- [WHAT IS NEEDED]: Using the records below, output the stretch that opens with the line containing "line L112 (-54.142, 13.1077)" and closes with the line containing "line L122 (-52.4131, 3.7135)", exactly and including both lines, with nothing more.

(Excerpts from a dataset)
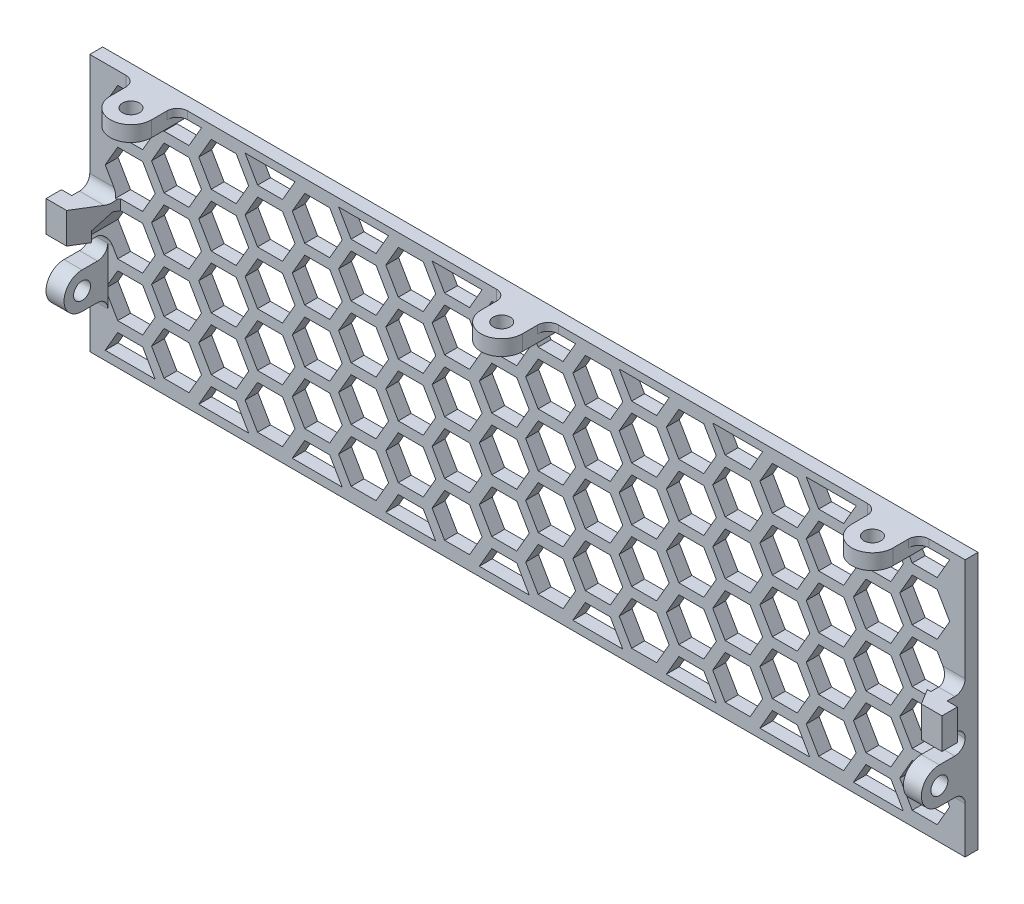
SolidWorks part; units mm, degrees
ref_plane "Plano frontal" through (0, 0, 0) normal (0, 0, 1) x (1, 0, 0)
ref_plane "Plano superior" through (0, 0, 0) normal (0, 1, 0) x (1, 0, 0)
ref_plane "Plano direito" through (0, 0, 0) normal (1, 0, 0) x (0, 0, -1)
sketch "Esboço1" plane through (0, 0, 0) normal (0, 0, 1) x (1, 0, 0)
  line L1 (-85, 25) -> (85, 25)
  line L2 (-85, 25) -> (-85, -25)
  line L3 (-85, -25) -> (85, -25)
  line L4 (85, 25) -> (85, -25)
  line L5 (-85, 25) -> (85, -25) construction
  line L6 (-85, -25) -> (85, 25) construction
  point P0 (0, 0)
  dimension "D1" = 170
  dimension "D2" = 50
extrude "Ressalto-extrusão1" add sketch "Esboço1" along normal blind 2.5
sketch "Esboço2" plane through (0, 0, 0) normal (0, 1, 0) x (1, 0, 0)
  line L0 (-85, -2.5) -> (-85, -6)
  line L1 (-85, -6) -> (-87, -6)
  line L2 (-87, -6) -> (-87, -9)
  line L3 (-87, -9) -> (-83, -9)
  line L4 (-83, -9) -> (-79, -2.5)
  line L5 (85, -2.5) -> (-85, -2.5) construction
  line L6 (85, 0) -> (-85, 0) construction
  line L7 (-83, -9) -> (-83, -2.5) construction
  line L8 (-83, -2.5) -> (-79, -2.5) construction
  line L9 (-85, -2.5) -> (-79, -2.5)
  line L10 (0, 0) -> (0, -20.2439) construction
  line L11 (83, -2.5) -> (79, -2.5) construction
  line L12 (83, -9) -> (83, -2.5) construction
  line L13 (85, -2.5) -> (79, -2.5)
  line L14 (83, -9) -> (79, -2.5)
  line L15 (87, -9) -> (83, -9)
  line L16 (87, -6) -> (87, -9)
  line L17 (85, -6) -> (87, -6)
  line L18 (85, -2.5) -> (85, -6)
  point P10 (-87, -7.5)
  dimension "D1" = 7.5
  dimension "D2" = 2
  dimension "D3" = 3
  dimension "D4" = 2
  dimension "D5" = 4
extrude "Ressalto-extrusão2" add sketch "Esboço2" along normal mid plane 6
sketch "Esboço3" plane through (0, 0, 0) normal (0, 0, -1) x (-1, 0, 0)
  line L0 (-72.3051, 23.5) -> (-70.5763, 22.5019) construction
  line L4 (-82, 23.5) -> (-79.5763, 19.302)
  line L5 (-79.5763, 19.302) -> (-74.7288, 19.302)
  line L6 (-74.7288, 19.302) -> (-72.3051, 23.5)
  line L7 (-63.3051, 18.3038) -> (-65.7288, 22.5019)
  line L8 (-65.7288, 22.5019) -> (-70.5763, 22.5019)
  line L9 (-70.5763, 22.5019) -> (-73, 18.3038)
  line L10 (-73, 18.3038) -> (-70.5763, 14.1058)
  line L11 (-70.5763, 14.1058) -> (-65.7288, 14.1058)
  line L12 (-65.7288, 14.1058) -> (-63.3051, 18.3038)
  line L13 (-85, 25) -> (85, 25) construction
  line L14 (63.3051, 23.5) -> (73, 23.5)
  line L15 (-73, 18.3038) -> (-80.4849, 18.3038) construction
  line L19 (-63.8369, 23.5) -> (-61.4131, 19.302)
  line L20 (-61.4131, 19.302) -> (-56.5657, 19.302)
  line L21 (-56.5657, 19.302) -> (-54.142, 23.5)
  line L22 (-45.142, 18.3038) -> (-47.5657, 22.5019)
  line L23 (-47.5657, 22.5019) -> (-52.4131, 22.5019)
  line L24 (-52.4131, 22.5019) -> (-54.8369, 18.3038)
  line L25 (-54.8369, 18.3038) -> (-52.4131, 14.1058)
  line L26 (-52.4131, 14.1058) -> (-47.5657, 14.1058)
  line L27 (-47.5657, 14.1058) -> (-45.142, 18.3038)
  line L31 (-45.6737, 23.5) -> (-43.25, 19.302)
  line L32 (-43.25, 19.302) -> (-38.4026, 19.302)
  line L33 (-38.4026, 19.302) -> (-35.9788, 23.5)
  line L34 (-26.9788, 18.3038) -> (-29.4026, 22.5019)
  line L35 (-29.4026, 22.5019) -> (-34.25, 22.5019)
  line L36 (-34.25, 22.5019) -> (-36.6737, 18.3038)
  line L37 (-36.6737, 18.3038) -> (-34.25, 14.1058)
  line L38 (-34.25, 14.1058) -> (-29.4026, 14.1058)
  line L39 (-29.4026, 14.1058) -> (-26.9788, 18.3038)
  line L43 (-27.5106, 23.5) -> (-25.0869, 19.302)
  line L44 (-25.0869, 19.302) -> (-20.2394, 19.302)
  line L45 (-20.2394, 19.302) -> (-17.8157, 23.5)
  line L46 (-8.8157, 18.3038) -> (-11.2394, 22.5019)
  line L47 (-11.2394, 22.5019) -> (-16.0869, 22.5019)
  line L48 (-16.0869, 22.5019) -> (-18.5106, 18.3038)
  line L49 (-18.5106, 18.3038) -> (-16.0869, 14.1058)
  line L50 (-16.0869, 14.1058) -> (-11.2394, 14.1058)
  line L51 (-11.2394, 14.1058) -> (-8.8157, 18.3038)
  line L55 (-9.3474, 23.5) -> (-6.9237, 19.302)
  line L56 (-6.9237, 19.302) -> (-2.0763, 19.302)
  line L57 (-2.0763, 19.302) -> (0.3474, 23.5)
  line L58 (9.3474, 18.3038) -> (6.9237, 22.5019)
  line L59 (6.9237, 22.5019) -> (2.0763, 22.5019)
  line L60 (2.0763, 22.5019) -> (-0.3474, 18.3038)
  line L61 (-0.3474, 18.3038) -> (2.0763, 14.1058)
  line L62 (2.0763, 14.1058) -> (6.9237, 14.1058)
  line L63 (6.9237, 14.1058) -> (9.3474, 18.3038)
  line L67 (8.8157, 23.5) -> (11.2394, 19.302)
  line L68 (11.2394, 19.302) -> (16.0869, 19.302)
  line L69 (16.0869, 19.302) -> (18.5106, 23.5)
  line L70 (27.5106, 18.3038) -> (25.0869, 22.5019)
  line L71 (25.0869, 22.5019) -> (20.2394, 22.5019)
  line L72 (20.2394, 22.5019) -> (17.8157, 18.3038)
  line L73 (17.8157, 18.3038) -> (20.2394, 14.1058)
  line L74 (20.2394, 14.1058) -> (25.0869, 14.1058)
  line L75 (25.0869, 14.1058) -> (27.5106, 18.3038)
  line L79 (26.9788, 23.5) -> (29.4026, 19.302)
  line L80 (29.4026, 19.302) -> (34.25, 19.302)
  line L81 (34.25, 19.302) -> (36.6737, 23.5)
  line L82 (45.6737, 18.3038) -> (43.25, 22.5019)
  line L83 (43.25, 22.5019) -> (38.4026, 22.5019)
  line L84 (38.4026, 22.5019) -> (35.9788, 18.3038)
  line L85 (35.9788, 18.3038) -> (38.4026, 14.1058)
  line L86 (38.4026, 14.1058) -> (43.25, 14.1058)
  line L87 (43.25, 14.1058) -> (45.6737, 18.3038)
  line L91 (45.142, 23.5) -> (47.5657, 19.302)
  line L92 (47.5657, 19.302) -> (52.4131, 19.302)
  line L93 (52.4131, 19.302) -> (54.8369, 23.5)
  line L94 (63.8369, 18.3038) -> (61.4131, 22.5019)
  line L95 (61.4131, 22.5019) -> (56.5657, 22.5019)
  line L96 (56.5657, 22.5019) -> (54.142, 18.3038)
  line L97 (54.142, 18.3038) -> (56.5657, 14.1058)
  line L98 (56.5657, 14.1058) -> (61.4131, 14.1058)
  line L99 (61.4131, 14.1058) -> (63.8369, 18.3038)
  line L103 (63.3051, 23.5) -> (65.7288, 19.302)
  line L104 (65.7288, 19.302) -> (70.5763, 19.302)
  line L105 (70.5763, 19.302) -> (73, 23.5)
  line L106 (82, 18.3038) -> (79.5763, 22.5019)
  line L107 (79.5763, 22.5019) -> (74.7288, 22.5019)
  line L108 (74.7288, 22.5019) -> (72.3051, 18.3038)
  line L109 (72.3051, 18.3038) -> (74.7288, 14.1058)
  line L110 (74.7288, 14.1058) -> (79.5763, 14.1058)
  line L111 (79.5763, 14.1058) -> (82, 18.3038)
  line L112 (-54.142, 13.1077) -> (-56.5657, 17.3057)
  line L113 (-56.5657, 17.3057) -> (-61.4131, 17.3057)
  line L114 (-61.4131, 17.3057) -> (-63.8369, 13.1077)
  line L115 (-63.8369, 13.1077) -> (-61.4131, 8.9097)
  line L116 (-61.4131, 8.9097) -> (-56.5657, 8.9097)
  line L117 (-56.5657, 8.9097) -> (-54.142, 13.1077)
  line L118 (-45.142, 7.9115) -> (-47.5657, 12.1095)
  line L119 (-47.5657, 12.1095) -> (-52.4131, 12.1095)
  line L120 (-52.4131, 12.1095) -> (-54.8369, 7.9115)
  line L121 (-54.8369, 7.9115) -> (-52.4131, 3.7135)
  line L122 (-52.4131, 3.7135) -> (-47.5657, 3.7135)
  line L123 (-47.5657, 3.7135) -> (-45.142, 7.9115)
  line L124 (-35.9788, 13.1077) -> (-38.4026, 17.3057)
  line L125 (-38.4026, 17.3057) -> (-43.25, 17.3057)
  line L126 (-43.25, 17.3057) -> (-45.6737, 13.1077)
  line L127 (-45.6737, 13.1077) -> (-43.25, 8.9097)
  line L128 (-43.25, 8.9097) -> (-38.4026, 8.9097)
  line L129 (-38.4026, 8.9097) -> (-35.9788, 13.1077)
  line L130 (-26.9788, 7.9115) -> (-29.4026, 12.1095)
  line L131 (-29.4026, 12.1095) -> (-34.25, 12.1095)
  line L132 (-34.25, 12.1095) -> (-36.6737, 7.9115)
  line L133 (-36.6737, 7.9115) -> (-34.25, 3.7135)
  line L134 (-34.25, 3.7135) -> (-29.4026, 3.7135)
  line L135 (-29.4026, 3.7135) -> (-26.9788, 7.9115)
  line L136 (-17.8157, 13.1077) -> (-20.2394, 17.3057)
  line L137 (-20.2394, 17.3057) -> (-25.0869, 17.3057)
  line L138 (-25.0869, 17.3057) -> (-27.5106, 13.1077)
  line L139 (-27.5106, 13.1077) -> (-25.0869, 8.9097)
  line L140 (-25.0869, 8.9097) -> (-20.2394, 8.9097)
  line L141 (-20.2394, 8.9097) -> (-17.8157, 13.1077)
  line L142 (-8.8157, 7.9115) -> (-11.2394, 12.1095)
  line L143 (-11.2394, 12.1095) -> (-16.0869, 12.1095)
  line L144 (-16.0869, 12.1095) -> (-18.5106, 7.9115)
  line L145 (-18.5106, 7.9115) -> (-16.0869, 3.7135)
  line L146 (-16.0869, 3.7135) -> (-11.2394, 3.7135)
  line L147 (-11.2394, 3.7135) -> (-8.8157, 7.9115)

- [TASK ANSWER]:
  line L112 (-54.142, 13.1077) -> (-56.5657, 17.3057)
  line L113 (-56.5657, 17.3057) -> (-61.4131, 17.3057)
  line L114 (-61.4131, 17.3057) -> (-63.8369, 13.1077)
  line L115 (-63.8369, 13.1077) -> (-61.4131, 8.9097)
  line L116 (-61.4131, 8.9097) -> (-56.5657, 8.9097)
  line L117 (-56.5657, 8.9097) -> (-54.142, 13.1077)
  line L118 (-45.142, 7.9115) -> (-47.5657, 12.1095)
  line L119 (-47.5657, 12.1095) -> (-52.4131, 12.1095)
  line L120 (-52.4131, 12.1095) -> (-54.8369, 7.9115)
  line L121 (-54.8369, 7.9115) -> (-52.4131, 3.7135)
  line L122 (-52.4131, 3.7135) -> (-47.5657, 3.7135)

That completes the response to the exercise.